Market reaction and the regulatory path
Investors responded sharply. Novo Nordisk shares fell in premarket trading on the day of the announcement, extending a difficult run in which the stock had shed roughly half its value during 2025. The disappointment was magnified by expectation. As UBS analyst Colin White observed, REDEFINE 4 had been designed at a point when Novo Nordisk believed CagriSema might outperform Zepbound, which made the miss more striking.
Regulatory timing nonetheless remains on track. The company submitted a New Drug Application to the United States Food and Drug Administration in December 2025, based on the REDEFINE 1 and REDEFINE 2 results, with a decision anticipated late in 2026. If cleared, CagriSema would become the first injectable to combine a GLP-1 receptor agonist with an amylin analogue, a genuine mechanistic milestone regardless of the comparison with tirzepatide.
Strength in diabetes, and a deeper pipeline
The obesity narrative is only part of the picture. In the parallel REIMAGINE programme for type 2 diabetes, CagriSema has performed strongly. REIMAGINE 2, reported in February 2026, showed superior HbA1c reductions of up to 1.91 percentage points from a baseline of 8.2 per cent, beating both individual components on glucose control and weight. Further REIMAGINE results presented at the ADA meeting in June 2026 reinforced that signal across diverse patient groups. Novo Nordisk frames the therapy as a potential first-in-class diabetes option and intends to discuss a regulatory pathway with authorities. Two later studies, REIMAGINE 4 and REIMAGINE 5, will again test it directly against tirzepatide, this time in diabetes.
What comes next for CagriSema
Novo Nordisk argues that the standard 2.4 mg dose may understate what the combination can achieve. Two studies are designed to probe that claim. REDEFINE 11 will report full weight-loss potential data in the first half of 2027, while a higher-dose version pairing cagrilintide 2.4 mg with semaglutide 7.2 mg is due to enter phase 3 in the second half of 2026.

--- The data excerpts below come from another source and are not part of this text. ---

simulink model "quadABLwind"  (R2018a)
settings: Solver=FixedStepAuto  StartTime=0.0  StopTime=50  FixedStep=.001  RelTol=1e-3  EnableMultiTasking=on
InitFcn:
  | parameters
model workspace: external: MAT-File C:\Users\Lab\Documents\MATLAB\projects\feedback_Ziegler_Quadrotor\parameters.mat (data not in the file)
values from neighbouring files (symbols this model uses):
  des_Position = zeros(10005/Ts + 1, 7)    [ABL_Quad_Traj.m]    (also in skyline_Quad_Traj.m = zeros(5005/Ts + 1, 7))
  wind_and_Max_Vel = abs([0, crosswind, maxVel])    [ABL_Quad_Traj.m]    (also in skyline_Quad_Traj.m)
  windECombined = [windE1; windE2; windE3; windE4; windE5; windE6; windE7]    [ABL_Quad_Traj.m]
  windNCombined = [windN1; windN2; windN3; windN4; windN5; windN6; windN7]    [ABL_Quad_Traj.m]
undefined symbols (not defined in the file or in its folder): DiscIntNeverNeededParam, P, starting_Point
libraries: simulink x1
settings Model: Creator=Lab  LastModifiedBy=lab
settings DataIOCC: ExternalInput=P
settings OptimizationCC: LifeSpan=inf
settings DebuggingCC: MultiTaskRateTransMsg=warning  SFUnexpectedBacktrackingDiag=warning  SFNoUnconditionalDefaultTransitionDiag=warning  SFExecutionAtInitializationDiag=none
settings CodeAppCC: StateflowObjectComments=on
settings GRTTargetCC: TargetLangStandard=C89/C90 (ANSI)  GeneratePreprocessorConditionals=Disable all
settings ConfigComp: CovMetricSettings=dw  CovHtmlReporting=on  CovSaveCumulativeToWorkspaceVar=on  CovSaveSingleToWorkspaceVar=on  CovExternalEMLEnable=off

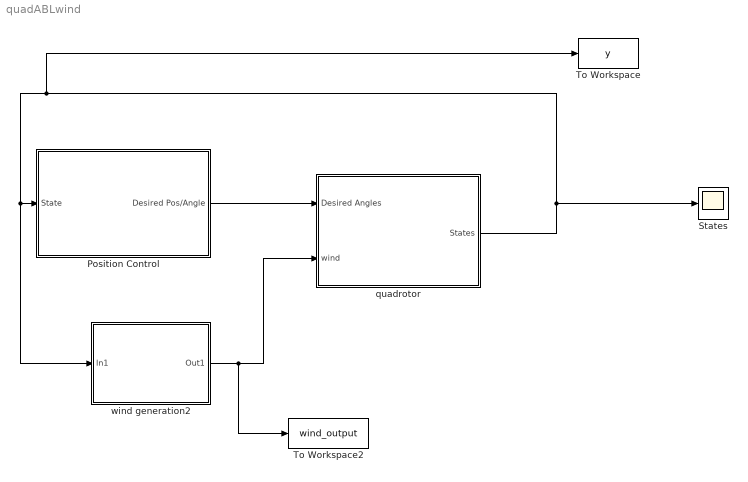
== system quadABLwind ==
  Position Control : Subsystem
  States : Scope
  To Workspace : ToWorkspace  VariableName=y  SaveFormat=Timeseries  SampleTime=-1
  To Workspace2 : ToWorkspace  VariableName=wind_output  SaveFormat=Timeseries  SampleTime=-1
  quadrotor : Subsystem
  wind generation2 : Subsystem
  wires:
  Position Control/1(Desired Pos/Angle) -> quadrotor/1(Desired Angles)
  wind generation2/1(Out1) -> To Workspace2/1, quadrotor/2(wind)
  quadrotor/1(States) -> To Workspace/1, wind generation2/1(In1), Position Control/1(State), States/1

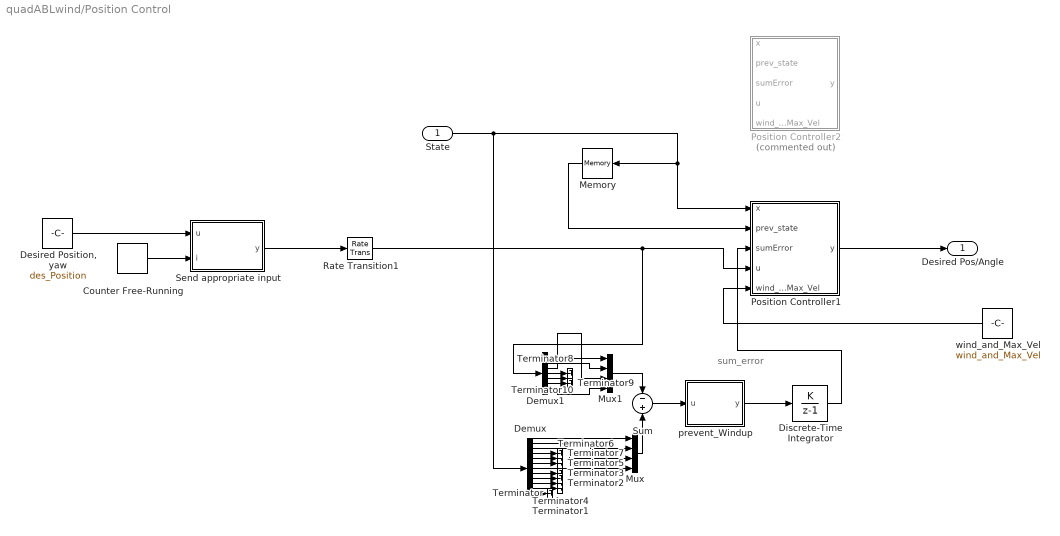
== system quadABLwind/Position Control ==
  note: sum_error
  State : Inport
  Counter Free-Running : simulink/Sources/Counter Free-Running  NumBits=32  tsamp=Ts
  Demux : Demux  Outputs=12
  Demux1 : Demux  Outputs=7
  "Desired Position, yaw" : Constant  Value=des_Position
  Discrete-Time Integrator : DiscreteIntegrator  IntegratorMethod=Accumulation: Forward Euler  gainval=1  SampleTime=-1  ICPrevOutput=DiscIntNeverNeededParam  ICPrevScaledInput=DiscIntNeverNeededParam
  Memory : Memory  InitialCondition=[0 0 0 0 0 0 0 0 0 0 0 0]
  Mux : Mux
  Mux1 : Mux
  Position Controller1 : MATLAB Function  TreatAsAtomicUnit=on  SystemSampleTime=P.Ts
  Position Controller2 : MATLAB Function  Commented=on  TreatAsAtomicUnit=on  SystemSampleTime=P.Ts
  Rate Transition1 : RateTransition  OutPortSampleTime=Tsd
  Send appropriate input : MATLAB Function  TreatAsAtomicUnit=on
  Sum : Sum  Inputs=-+
  Terminator{,1..10} (11 alike) : Terminator
  prevent_Windup : MATLAB Function  TreatAsAtomicUnit=on
  wind_and_Max_Vel : Constant  Value=wind_and_Max_Vel
  Desired Pos/Angle : Outport
  wires:
  Position Controller1/1(y) -> Desired Pos/Angle/1
  Mux/1 -> Sum/2
  Demux/1 -> Mux/1
  Demux/2 -> Mux/2
  Demux/3 -> Mux/3
  Memory/1 -> Position Controller1/2(prev_state)
  Sum/1 -> prevent_Windup/1(u)
  Demux/7 -> Mux/4
  "Desired Position, yaw"/1 -> Send appropriate input/1(u)
  Counter Free-Running/1 -> Send appropriate input/2(i)
  Send appropriate input/1(y) -> Rate Transition1/1
  State/1 -> Demux/1, Position Controller1/1(x), Memory/1
  Rate Transition1/1 -> Position Controller1/4(u), Demux1/1
  wind_and_Max_Vel/1 -> Position Controller1/5(wind_and_Max_Vel)
  Discrete-Time Integrator/1 -> Position Controller1/3(sumError)
  Demux1/1 -> Mux1/1
  Demux1/2 -> Mux1/2
  Demux1/3 -> Mux1/3
  Demux1/7 -> Mux1/4
  Mux1/1 -> Sum/1
  prevent_Windup/1(y) -> Discrete-Time Integrator/1
  Demux/12 -> Terminator/1
  Demux/8 -> Terminator3/1
  Demux/10 -> Terminator2/1
  Demux/11 -> Terminator1/1
  Demux/9 -> Terminator4/1
  Demux/6 -> Terminator5/1
  Demux/5 -> Terminator6/1
  Demux/4 -> Terminator7/1
  Demux1/4 -> Terminator8/1
  Demux1/6 -> Terminator9/1
  Demux1/5 -> Terminator10/1

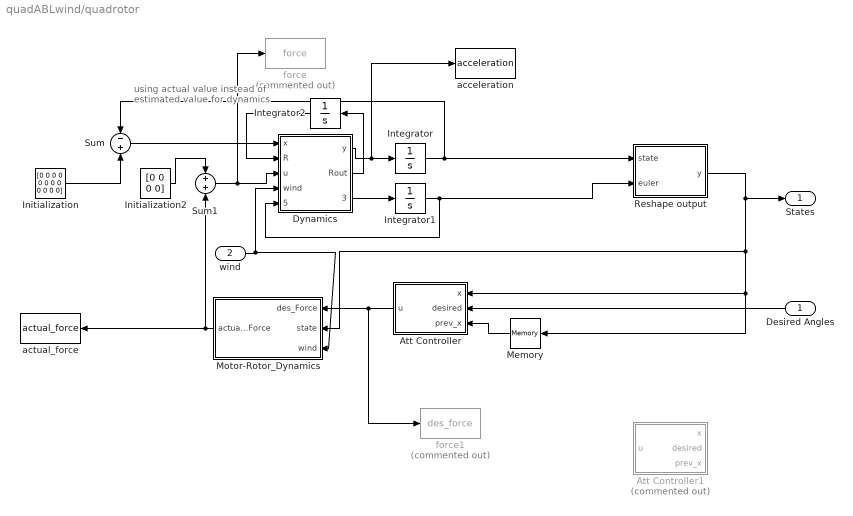
== system quadABLwind/quadrotor ==
  note: using actual value instead of estimated value for dynamics
  Desired Angles : Inport
  wind : Inport  Port=2
  Att Controller : MATLAB Function  TreatAsAtomicUnit=on
  Att Controller1 : MATLAB Function  Commented=on  TreatAsAtomicUnit=on
  Dynamics : MATLAB Function  TreatAsAtomicUnit=on  SystemSampleTime=P.Ts
  Initialization : Constant  Value=[0 0 0 0 0 0 0 0 0 0 0 0]
  Initialization2 : Constant  Value=[0 0 0 0]
  Integrator : Integrator
  Integrator1 : Integrator  InitialCondition=zeros(3,1)
  Integrator2 : Integrator  InitialCondition=eye(3)
  Memory : Memory  InitialCondition=[0 0 0 0 0 0 0 0 0 0 0 0]
  Motor-Rotor_Dynamics : Subsystem
  Reshape output : MATLAB Function  TreatAsAtomicUnit=on
  Sum : Sum  Inputs=-+
  Sum1 : Sum
  acceleration : ToWorkspace  VariableName=acceleration  SaveFormat=Timeseries  SampleTime=-1
  actual_force : ToWorkspace  VariableName=actual_force  SaveFormat=Timeseries  SampleTime=-1
  force : ToWorkspace  Commented=on  VariableName=force  SaveFormat=Timeseries  SampleTime=-1
  force1 : ToWorkspace  Commented=on  VariableName=des_force  SaveFormat=Timeseries  SampleTime=-1
  States : Outport
  wires:
  Sum1/1 -> Dynamics/3(u), force/1
  Dynamics/1(y) -> Integrator/1, acceleration/1
  Memory/1 -> Att Controller/3(prev_x)
  Sum/1 -> Dynamics/1(x)
  Integrator/1 -> Reshape output/1(state), Sum/1
  Initialization2/1 -> Sum1/1
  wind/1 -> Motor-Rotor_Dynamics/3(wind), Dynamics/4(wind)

The competitive field, meanwhile, is crowding fast across the broader GLP-1 drug pipeline. Lilly’s triple agonist retatrutide has reported weight loss of up to 30% in phase 3, with the pivotal TRIUMPH-1 trial reporting 28.3% at 80 weeks in a population of more than 2,300 adults with obesity. CagriSema therefore enters the obesity market, if approved, as a strong therapy rather than the category leader its developers once envisaged. Whether higher doses change that calculus is the question the next two years will answer.